Indonesia is the world’s third-largest cocoa producer, although some way behind Ivory Coast and Ghana.

“Margins are under severe pressure because of the added capacity in Asia. My modest estimation is that more than 300,000 tonnes of pressing capacity has been added in Asia in the past four years,” said a source at a major grinder in Asia.

“If things do not pick up in the next six to 12 months, I would say you will see people slowing down, going out of business, or you will see further industry consolidation.”

Installed capacity in the Asian grinding countries of Indonesia, Malaysia and Singapore is now a little over 1 million tonnes, according to Reuters calculations.


Dealers still expect growth in grinding in the third and fourth quarters as grinders meet next year’s contracts and new plants start up in Indonesia.

Chocolate confectionery demand in Asia-Pacific is forecast to grow more than 5 percent in 2014, according to market researcher Euromonitor International, while consumption in Western Europe and the Unites States stagnates.

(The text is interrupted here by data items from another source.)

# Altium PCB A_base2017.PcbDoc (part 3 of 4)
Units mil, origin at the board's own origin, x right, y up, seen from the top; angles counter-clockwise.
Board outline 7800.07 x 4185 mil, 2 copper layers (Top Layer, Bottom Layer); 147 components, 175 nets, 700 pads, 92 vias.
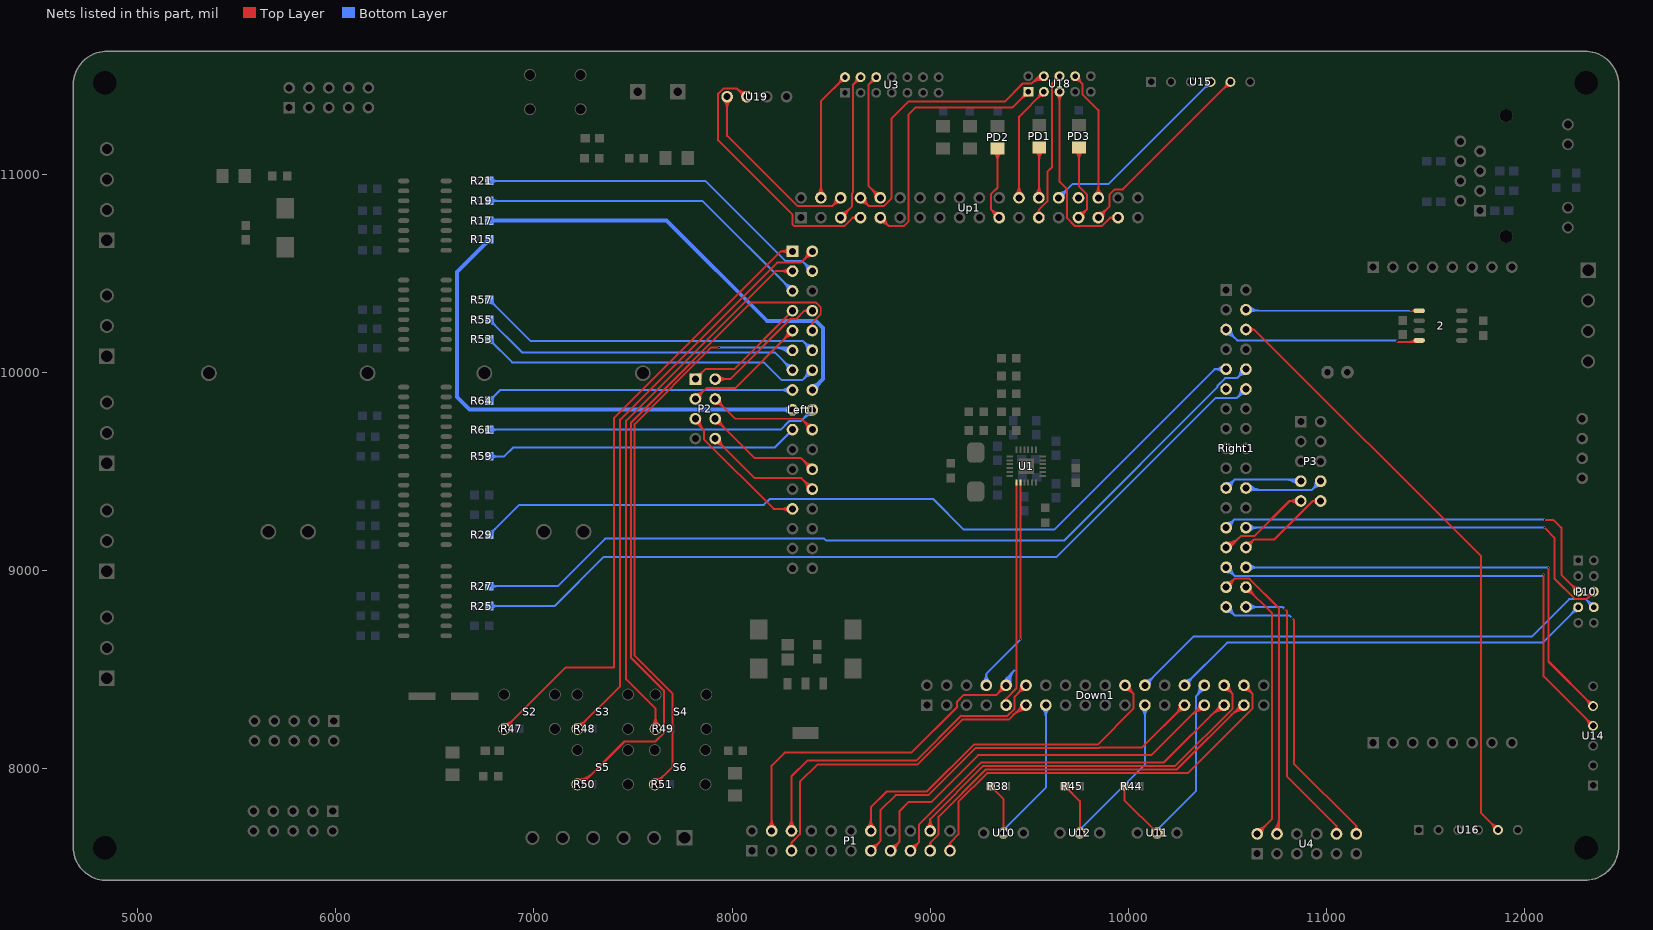
[diagram p3: the nets of this part, all layers, seen from the top]

## Via types
v1: diameter 10, hole 10, Top Layer to Bottom Layer, 80 vias
v2: diameter 20, hole 20, Top Layer to Bottom Layer, 11 vias
v3: diameter 12, hole 12, Top Layer to Bottom Layer, 1 vias

## Nets (pads, with @x,y where several pads share a name; then routed paths per layer and width w, separated by ;. In a path a pad name is that pad's centre, name@x,y a point inside that pad or via, vN(x,y) a via of type N, cw(c..) or ccw(c..) an arc to the next point about the centre after c; other vN are vias at no path point) (continued)
PA10: Right1.6 U16.5 | length 3201.7
  Top Layer w10: Right1.6@10593.09,10215.17 10634.83,10215.17 ; Right1.6@10614.52,10203.24 cw(c10634.83,10191.93) 10634.83,10215.17 ; Right1.6@10614.52,10227.11 ccw(c10634.83,10238.41) 10634.83,10215.17 ; U16.5@11845,7690 ccw(c11796.72,7690) 11830.86,7724.14 ccw(c11865,7758.28) U16.5@11865,7710 ; U16.5@11865,7690 11780,7775 11780,9070 10634.83,10215.17
PA11: 2.4 Right1.5 | length 1199.5
  Top Layer w10: 11362.15,10153.38 cw(c11362.15,10163.49) v1(11355,10156.34) 11357.96,10153.38 11461.09,10153.38 2.4@11467.72,10160 ; 11418.55,10153.38 ccw(c11418.55,10192.43) 2.4@11446.17,10164.82
  Bottom Layer w10: Right1.5@10493.09,10190.64 cw(c10493.09,10131.43) 10534.96,10173.3 cw(c10576.84,10215.17) Right1.5@10517.62,10215.17 ; Right1.5@10493.09,10200.64 cw(c10493.09,10165.57) 10517.89,10190.37 cw(c10542.69,10215.17) Right1.5@10507.62,10215.17 ; Right1.5@10493.09,10215.17 10548.26,10160 11351.34,10160 v1(11355,10156.34) ccw(c11346.16,10147.5) 11346.16,10160
PA12: 2.1 Right1.4 | length 1037
  Top Layer w10: Right1.4@10593.09,10315.17 Right1.4@10598.26,10310 ; v1(11425,10310) 2.1@11467.72,10310 ; 2.1@11446.17,10305.18 ccw(c11434.54,10293.56) 11434.54,10310 ccw(c11434.54,10326.44) 2.1@11446.17,10314.82
  Bottom Layer w10: Right1.4@10598.26,10310 v1(11425,10310) ; Right1.4@10603.37,10325.44 ccw(c10640.65,10362.73) 10640.65,10310 ; Right1.4@10610.44,10297.83 cw(c10639.82,10268.44) 10639.82,10310 ; Right1.4@10610.44,10332.52 ccw(c10664.79,10386.87) 10664.79,10310
PB0: Down1.10 P1.4 | length 2346.7
  Top Layer w10: P1.4@8182.66,7702.34 ccw(c8140.79,7744.21) 8200,7744.21 ccw(c8259.21,7744.21) P1.4@8217.34,7702.34 ; P1.4@8189.73,7695.27 ccw(c8164.93,7720.07) 8200,7720.07 ccw(c8235.07,7720.07) P1.4@8210.27,7695.27 ; P1.4@8200,7685 8200,8015 8265,8080 8905,8080 9135,8310 9135,8337.39 9167.61,8370 9333.16,8370 Down1.10@9383.07,8419.91 ; Down1.10@9358.54,8419.91 cw(c9299.33,8419.91) 9341.2,8378.04 cw(c9383.07,8336.17) Down1.10@9383.07,8395.39 ; Down1.10@9368.54,8419.91 cw(c9333.47,8419.91) 9358.27,8395.11 cw(c9383.07,8370.31) Down1.10@9383.07,8405.39
  Bottom Layer w10: Down1.10@9375.89,8443.37 ccw(c9372.92,8453.07) 9383.07,8453.07 ; Down1.10@9377.79,8418.48 cw(c9417.54,8429.29) 9388.41,8458.41 ; Down1.10@9383.07,8419.91 9383.07,8453.07 ; Down1.10@9387.44,8421.1 cw(c9436.71,8434.5) 9400.61,8470.61 ; Down1.10@9390.25,8443.37 cw(c9393.22,8453.07) 9383.07,8453.07 ; Down1.10@9397.09,8423.73 cw(c9455.89,8439.72) 9412.8,8482.8 ; Down1.10@9406.74,8426.35 cw(c9475.06,8444.93) 9425,8495 9383.07,8453.07
PB1: Down1.11 P1.5 | length 1894.3
  Top Layer w10: P1.5@8288.95,7606.9 ccw(c8279.88,7624.86) 8300,7624.86 ; P1.5@8300,7585 8300,7624.86 ; P1.5@8311.05,7606.9 cw(c8320.12,7624.86) 8300,7624.86 ; 9416.62,8267.86 cw(c9483.07,8201.4) Down1.11@9483.07,8295.39 ; 9433.69,8284.93 cw(c9483.07,8235.55) Down1.11@9483.07,8305.39 ; 9450.76,8302 cw(c9483.07,8269.69) Down1.11@9483.07,8315.39 ; 9451.38,8302.63 ccw(c9434.1,8319.91) Down1.11@9458.54,8319.91 ; Down1.11@9483.07,8319.91 9468.67,8319.91 9395.76,8247 9161.07,8247 8934.07,8020 8430,8020 8342.53,7932.53 8342.53,7667.38 8300,7624.86
PB2: Down1.12 P1.6 | length 1980
  Top Layer w10: P1.6@8282.66,7702.34 ccw(c8240.79,7744.21) 8300,7744.21 ccw(c8359.21,7744.21) P1.6@8317.34,7702.34 ; P1.6@8289.73,7695.27 ccw(c8264.93,7720.07) 8300,7720.07 ccw(c8335.07,7720.07) P1.6@8310.27,7695.27 ; P1.6@8300,7685 8300,7960 8380,8040 8928.61,8040 9153.61,8265 9388.3,8265 9425.6,8302.3 9425.6,8362.44 Down1.12@9483.07,8419.91 ; Down1.12@9458.54,8419.91 cw(c9399.33,8419.91) 9441.2,8378.04 cw(c9483.07,8336.17) Down1.12@9483.07,8395.39 ; Down1.12@9468.54,8419.91 cw(c9433.47,8419.91) 9458.27,8395.11 cw(c9483.07,8370.31) Down1.12@9483.07,8405.39
PB5: U3.6 Up1.10 | length 872.1
  Top Layer w10: 8689.48,10938.61 8689.48,11450.74 U3.6@8727.48,11488.74 ; 8690,10938.09 Up1.10@8748.15,10879.94 ; U3.6@8707.48,11488.74 cw(c8659.2,11488.74) 8693.34,11454.6 cw(c8727.48,11420.46) U3.6@8727.48,11468.74 ; Up1.10@8723.62,10879.94 ccw(c8664.4,10879.94) 8706.27,10921.82 ccw(c8748.15,10963.69) Up1.10@8748.15,10904.47 ; Up1.10@8733.62,10879.94 ccw(c8698.55,10879.94) 8723.35,10904.75 ccw(c8748.15,10929.55) Up1.10@8748.15,10894.47
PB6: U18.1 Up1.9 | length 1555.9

“A rise of 5 percent in Asia in the third and fourth quarter is considered too conservative still,” said Lukas Jasman, chief operation officer of BT Cocoa, which has an installed capacity of 150,000 tonnes in Indonesia.

“Grinders usually don’t sell products on the spot. The rise in Asian grinding is unavoidable due to the contracts that were booked last year. What I can see is that long-term growth for Asian demand in chocolates is definitely there.”

Indonesia’s grinding capacity will jump 85 percent to 600,000 tonnes by the end of this year, boosted by new plants for firms such as Cargill, Barry Callebaut, and Malaysian Guan Chong Berhard

Chocolate makers will step up cocoa butter purchases in September to meet Christmas demand, but the outlook for powder remains weak. Prices have already fallen more than 30 percent to $1,500 a tonne since January due to ample supply.

“When you invest in another country, you have to run your plants to maximise your investment. But there will be a slowdown, although it’s not immediate. Powder will be under pressure,” said a senior dealer in Singapore.